The Use of Thermal Techniques in the Characterization of Bio-Sourced Polymers

The public pressure about the problems derived from the environmental issues increasingly pushes the research areas, of both industrial and academic sectors, to design material architectures with more and more foundations and reinforcements derived from renewable sources. In these efforts, researchers make extensive and profound use of thermal analysis. Among the different techniques available, thermal analysis offers, in addition to high accuracy in the measurement, smartness of execution, allowing to obtain with a very limited quantity of material precious information regarding the property-structure correlation, essential not only in the production process, but overall, in the design one. Thus, techniques such as differential scanning calorimetry (DSC), differential thermal analysis (DTA), dynamic mechanical analysis (DMA) and thermogravimetric analysis (TGA) were, are, and will be used in this transition from fossil feedstock to renewable ones, and in the development on new manufacturing processes such as those of additive manufacturing (AM).

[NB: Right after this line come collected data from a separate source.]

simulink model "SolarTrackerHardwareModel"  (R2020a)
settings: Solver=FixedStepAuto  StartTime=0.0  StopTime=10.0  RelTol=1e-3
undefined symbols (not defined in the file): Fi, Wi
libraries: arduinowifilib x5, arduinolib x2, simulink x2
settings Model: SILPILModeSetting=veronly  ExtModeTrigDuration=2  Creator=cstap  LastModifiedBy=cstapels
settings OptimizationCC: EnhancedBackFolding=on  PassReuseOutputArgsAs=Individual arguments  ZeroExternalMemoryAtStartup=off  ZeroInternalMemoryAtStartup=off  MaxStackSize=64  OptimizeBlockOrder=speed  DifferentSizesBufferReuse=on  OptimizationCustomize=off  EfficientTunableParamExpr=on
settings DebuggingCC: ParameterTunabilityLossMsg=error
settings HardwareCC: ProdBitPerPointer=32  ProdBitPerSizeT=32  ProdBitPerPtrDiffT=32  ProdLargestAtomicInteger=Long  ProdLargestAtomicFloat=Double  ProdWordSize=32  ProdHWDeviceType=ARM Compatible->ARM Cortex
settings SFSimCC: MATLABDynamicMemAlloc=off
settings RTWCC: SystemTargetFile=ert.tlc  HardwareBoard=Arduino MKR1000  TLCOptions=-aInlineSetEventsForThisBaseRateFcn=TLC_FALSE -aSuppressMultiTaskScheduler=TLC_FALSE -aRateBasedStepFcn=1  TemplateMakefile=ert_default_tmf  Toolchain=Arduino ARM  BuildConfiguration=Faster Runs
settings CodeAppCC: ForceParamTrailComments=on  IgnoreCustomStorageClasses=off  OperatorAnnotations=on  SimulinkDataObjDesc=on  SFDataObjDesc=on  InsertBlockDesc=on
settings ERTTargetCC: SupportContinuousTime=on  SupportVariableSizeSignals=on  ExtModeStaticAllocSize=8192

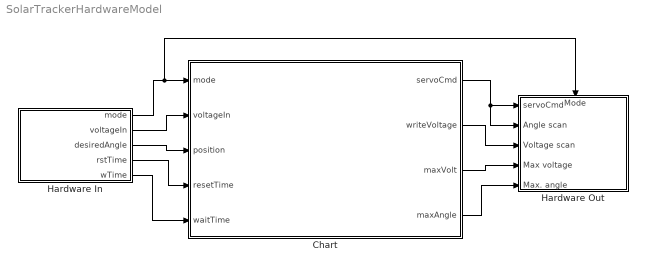
== system SolarTrackerHardwareModel ==
  Chart : Stateflow chart  TreatAsAtomicUnit=on
      settings: PortSchema="{\"entries\":[{\"content\":{\"sides\":[{\"content\":{\"connectorIds\":[\"In5\",\"In1\",\"In2\",\"In3\",\"In4\"]},\"type\":\"ConnectorPlacement.EquallySpacedRectSide\",\"uuid\":\"7460febf-f6e8-4dab-9ef6-8acf957c7b17\"},{\"content\":{\"connectorIds\":[\"Out1\",\"Out2\",\"Out3\",\"Out4\"],\"side\":\"RIGHT\"},\"type\":\"ConnectorPlacement.EquallySpacedRectSide\",\"uuid\":\"34f4fde0-3abd-4f83-b5ac-d115b7860e10\"},{\"content\":{\"connectorIds\":[],\"side\":\"TOP\"},\"type\":\"ConnectorPlacement.EquallySpacedRectSide\",\"uuid\":\"03c52414-b361-422d-a974-9760757eaedc\"}]},\"type\":\"ConnectorPlacement.EquallySpacedConnector\",\"uuid\":\"cf5b2fd0-3883-4494-a5b1-8c312db57bd7\"}],\"packageUris\":[\"http://schema.mathworks.com/mf0/Connector/19700101\"],\"version\":\"1.0\"}"
  Hardware In : Subsystem  VariantControl=simulationMode == 0
  Hardware Out : Subsystem  VariantControl=simulationMode == 0
      settings: PortSchema="{\"entries\":[{\"content\":{\"sides\":[{\"content\":{\"connectorIds\":[\"In1\",\"In2\",\"In3\",\"In4\",\"In5\"]},\"type\":\"ConnectorPlacement.EquallySpacedRectSide\",\"uuid\":\"deada059-bee1-4c5a-83e8-1a3ffab69375\"},{\"content\":{\"connectorIds\":[],\"side\":\"RIGHT\"},\"type\":\"ConnectorPlacement.EquallySpacedRectSide\",\"uuid\":\"cbd49981-471a-4624-8e3d-3b37af600932\"},{\"content\":{\"connectorIds\":[\"In6\"],\"side\":\"TOP\"},\"type\":\"ConnectorPlacement.EquallySpacedRectSide\",\"uuid\":\"9a45ed85-a60b-4cc5-836b-a1fc991137ba\"}]},\"type\":\"ConnectorPlacement.EquallySpacedConnector\",\"uuid\":\"2ce86ef1-c832-4a6c-ba54-7fb04718268c\"}],\"packageUris\":[\"http://schema.mathworks.com/mf0/Connector/19700101\"],\"version\":\"1.0\"}"
  wires:
  Hardware In/1(mode) -> Hardware Out/6(Mode), Chart/5(mode)
  Hardware In/2(voltageIn) -> Chart/1(voltageIn)
  Hardware In/3(desiredAngle) -> Chart/2(position)
  Hardware In/4(rstTime) -> Chart/3(resetTime)
  Hardware In/5(wTime) -> Chart/4(waitTime)
  Chart/1(servoCmd) -> Hardware Out/2(Angle scan), Hardware Out/1(servoCmd)
  Chart/2(writeVoltage) -> Hardware Out/3(Voltage scan)
  Chart/3(maxVolt) -> Hardware Out/4(Max voltage)
  Chart/4(maxAngle) -> Hardware Out/5(Max. angle)

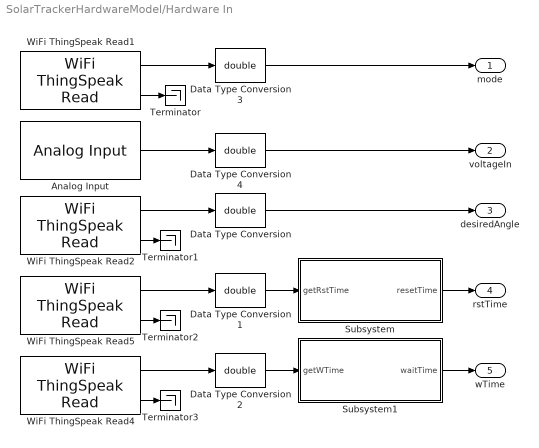
== system SolarTrackerHardwareModel/Hardware In ==
  Analog Input : arduinolib/Analog Input  pinNumber=1  ReadResultsOnly=off  ConversionTriggerSource=Software  ExternalTriggerType=uint32( 0 )  OutputDataType=uint16  EnableConversionCompleteNotify=off  EnableOuputStatus=off  SampleTime=-1  blockPlatform=arduino
  Data Type Conversion{,1..4} (5 alike) : DataTypeConversion  OutDataTypeStr=double
  Subsystem : Subsystem
  Subsystem1 : Subsystem
  Terminator{,1..3} (4 alike) : Terminator
  WiFi ThingSpeak Read1 : arduinowifilib/WiFi ThingSpeak Read  ChannelID_=1005403  ChannelAccess_=Private  ReadAPIKey_=RTAKGVYMGG3OII72  FieldNumber_=1  PrintDiagnosticMessages_=off  blockPlatform=Arduino  Interfacetype_=Wi-Fi  SampleTime_=30
      settings: SourceProductBaseCode=ARDUINO
  WiFi ThingSpeak Read2 : arduinowifilib/WiFi ThingSpeak Read  ChannelID_=1005403  ChannelAccess_=Private  ReadAPIKey_=RTAKGVYMGG3OII72  FieldNumber_=2  PrintDiagnosticMessages_=off  blockPlatform=Arduino  Interfacetype_=Wi-Fi  SampleTime_=30
      settings: SourceProductBaseCode=ARDUINO
  WiFi ThingSpeak Read4 : arduinowifilib/WiFi ThingSpeak Read  ChannelID_=1005403  ChannelAccess_=Private  ReadAPIKey_=RTAKGVYMGG3OII72  FieldNumber_=4  PrintDiagnosticMessages_=off  blockPlatform=Arduino  Interfacetype_=Wi-Fi  SampleTime_=30
      settings: SourceProductBaseCode=ARDUINO
  WiFi ThingSpeak Read5 : arduinowifilib/WiFi ThingSpeak Read  ChannelID_=1005403  ChannelAccess_=Private  ReadAPIKey_=RTAKGVYMGG3OII72  FieldNumber_=3  PrintDiagnosticMessages_=off  blockPlatform=Arduino  Interfacetype_=Wi-Fi  SampleTime_=30
      settings: SourceProductBaseCode=ARDUINO
  mode : Outport
  voltageIn : Outport  Port=2
  desiredAngle : Outport  Port=3
  rstTime : Outport  Port=4
  wTime : Outport  Port=5
  wires:
  WiFi ThingSpeak Read1/2 -> Terminator/1
  Subsystem/1(resetTime) -> rstTime/1
  Subsystem1/1(waitTime) -> wTime/1
  Analog Input/1 -> Data Type Conversion4/1
  WiFi ThingSpeak Read1/1 -> Data Type Conversion3/1
  Data Type Conversion/1 -> desiredAngle/1
  Data Type Conversion1/1 -> Subsystem/1(getRstTime)
  Data Type Conversion2/1 -> Subsystem1/1(getWTime)
  WiFi ThingSpeak Read2/1 -> Data Type Conversion/1
  WiFi ThingSpeak Read2/2 -> Terminator1/1
  WiFi ThingSpeak Read4/2 -> Terminator3/1
  WiFi ThingSpeak Read4/1 -> Data Type Conversion2/1
  WiFi ThingSpeak Read5/1 -> Data Type Conversion1/1
  WiFi ThingSpeak Read5/2 -> Terminator2/1
  Data Type Conversion3/1 -> mode/1
  Data Type Conversion4/1 -> voltageIn/1

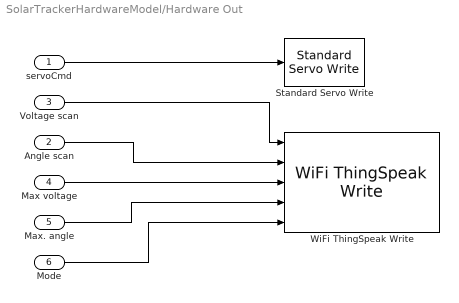
== system SolarTrackerHardwareModel/Hardware Out ==
  servoCmd : Inport
  Angle scan : Inport  Port=2
  Voltage scan : Inport  Port=3
  Max voltage : Inport  Port=4
  Max. angle : Inport  Port=5
  Mode : Inport  Port=6
  Standard Servo Write : arduinolib/Standard Servo Write  pinNumber=9  ServoIndex=0  blockPlatform=ARDUINO
  WiFi ThingSpeak Write : arduinowifilib/WiFi ThingSpeak Write  ChannelID_=1049171  WriteAPIKey_=MXTVN2YNFBXXKHG7  NumberOfFields=5  UpdateInterval_=3  PrintDiagnosticMessages_=off  LocationEnabled=off  LocationSource=Block dialog  blockPlatform=arduino  Interfacetype_=Wi-Fi  UpdateURL=0  StatusMessage=0  StatusEnabled=on  StatusSource=<empty>
      settings: SourceProductBaseCode=ARDUINO
  wires:
  Max voltage/1 -> WiFi ThingSpeak Write/3
  Max. angle/1 -> WiFi ThingSpeak Write/4
  Mode/1 -> WiFi ThingSpeak Write/5
  Angle scan/1 -> WiFi ThingSpeak Write/2
  servoCmd/1 -> Standard Servo Write/1
  Voltage scan/1 -> WiFi ThingSpeak Write/1

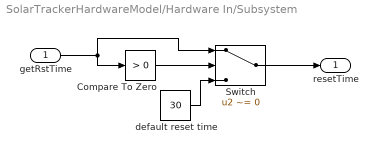
== system SolarTrackerHardwareModel/Hardware In/Subsystem ==
  getRstTime : Inport  OutDataTypeStr=double
  Compare To Zero : simulink/Logic and Bit Operations/Compare To Zero  relop=>  OutDataTypeStr=boolean
  Switch : Switch  Criteria=u2 ~= 0
  default reset time : Constant  Value=30  SampleTime=-1
  resetTime : Outport  OutDataTypeStr=double
  wires:
  Compare To Zero/1 -> Switch/2
  default reset time/1 -> Switch/3
  getRstTime/1 -> Switch/1, Compare To Zero/1
  Switch/1 -> resetTime/1

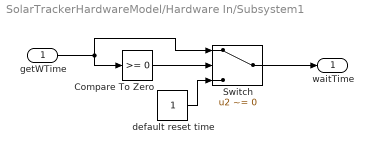
== system SolarTrackerHardwareModel/Hardware In/Subsystem1 ==
  getWTime : Inport  OutDataTypeStr=double
  Compare To Zero : simulink/Logic and Bit Operations/Compare To Zero  relop=>=  OutDataTypeStr=boolean
  Switch : Switch  Criteria=u2 ~= 0  OutDataTypeStr=double
  default reset time : Constant  SampleTime=-1
  waitTime : Outport  OutDataTypeStr=double
  wires:
  Compare To Zero/1 -> Switch/2
  default reset time/1 -> Switch/3
  getWTime/1 -> Switch/1, Compare To Zero/1
  Switch/1 -> waitTime/1

== stateflow chart SolarTrackerHardwareModel/Chart ==
  settings: updateMethod=DISCRETE  sampleTime=0.1
  state GoToPosition
    servoCmd = position;
    writeVoltage=voltageIn;
  state ScanAndGoToMaxVoltage
    state ResetPosition
      servoCmd = 0;
      voltage = zeros(1,181);
    state ScanVoltages
      servoCmd = angleRange(i);
      voltage(i) = voltageIn;
      writeVoltage = voltage(i);
    state Increment
      entry: i = i + 5;
    state GoToMaxVoltage
      [maxVolt,maxVoltAngle] = max(voltage);
      servoCmd = angleRange(maxVoltAngle);
      maxAngle = servoCmd;
      writeVoltage=voltageIn;
    (default) -> ResetPosition : {angleRange = 0 :180;}
    GoToMaxVoltage -> ResetPosition : after(resetTime,sec)
    ResetPosition -> ScanVoltages : {i = 1;}
    ScanVoltages -> Increment [order 1] : [i < 181]
    Increment -> ScanVoltages : after(waitTime,msec)
    ScanVoltages -> GoToMaxVoltage [order 2] : [i==181]
  (default) -> GoToPosition
  GoToPosition -> ScanAndGoToMaxVoltage : [mode==1]
  ScanAndGoToMaxVoltage -> GoToPosition : [mode==0]
  data: voltageIn input; position input; servoCmd output; writeVoltage output; maxVolt output; maxAngle output; voltage local; i local; maxVoltAngle local; resetTime input; waitTime input; mode input; angleRange local

In this review, we report the state of the art of the last two years, as regards the use of thermal techniques in biopolymer design, polymer recycling, and the preparation of recyclable polymers as well as potential tools for biopolymer design in AM. For each study, we highlight how the most known thermal parameters, namely glass transition temperature (T-g), melting temperature (T-f), crystallization temperature (T-c) and percentage (%c), initial decomposition temperature (T-i), temperature at maximum mass loss rate (T-m), and tan delta, helped the researchers in understanding the characteristics of the investigated materials and the right way to the best design and preparation.

Automated summary

The increasing public pressure surrounding environmental issues is driving both industrial and academic research areas to design material architectures using renewable sources. Thermal analysis techniques such as DSC, DTA, DMA, and TGA play a crucial role in understanding material properties and guiding the best design and preparation processes during the transition from fossil to renewable feedstock.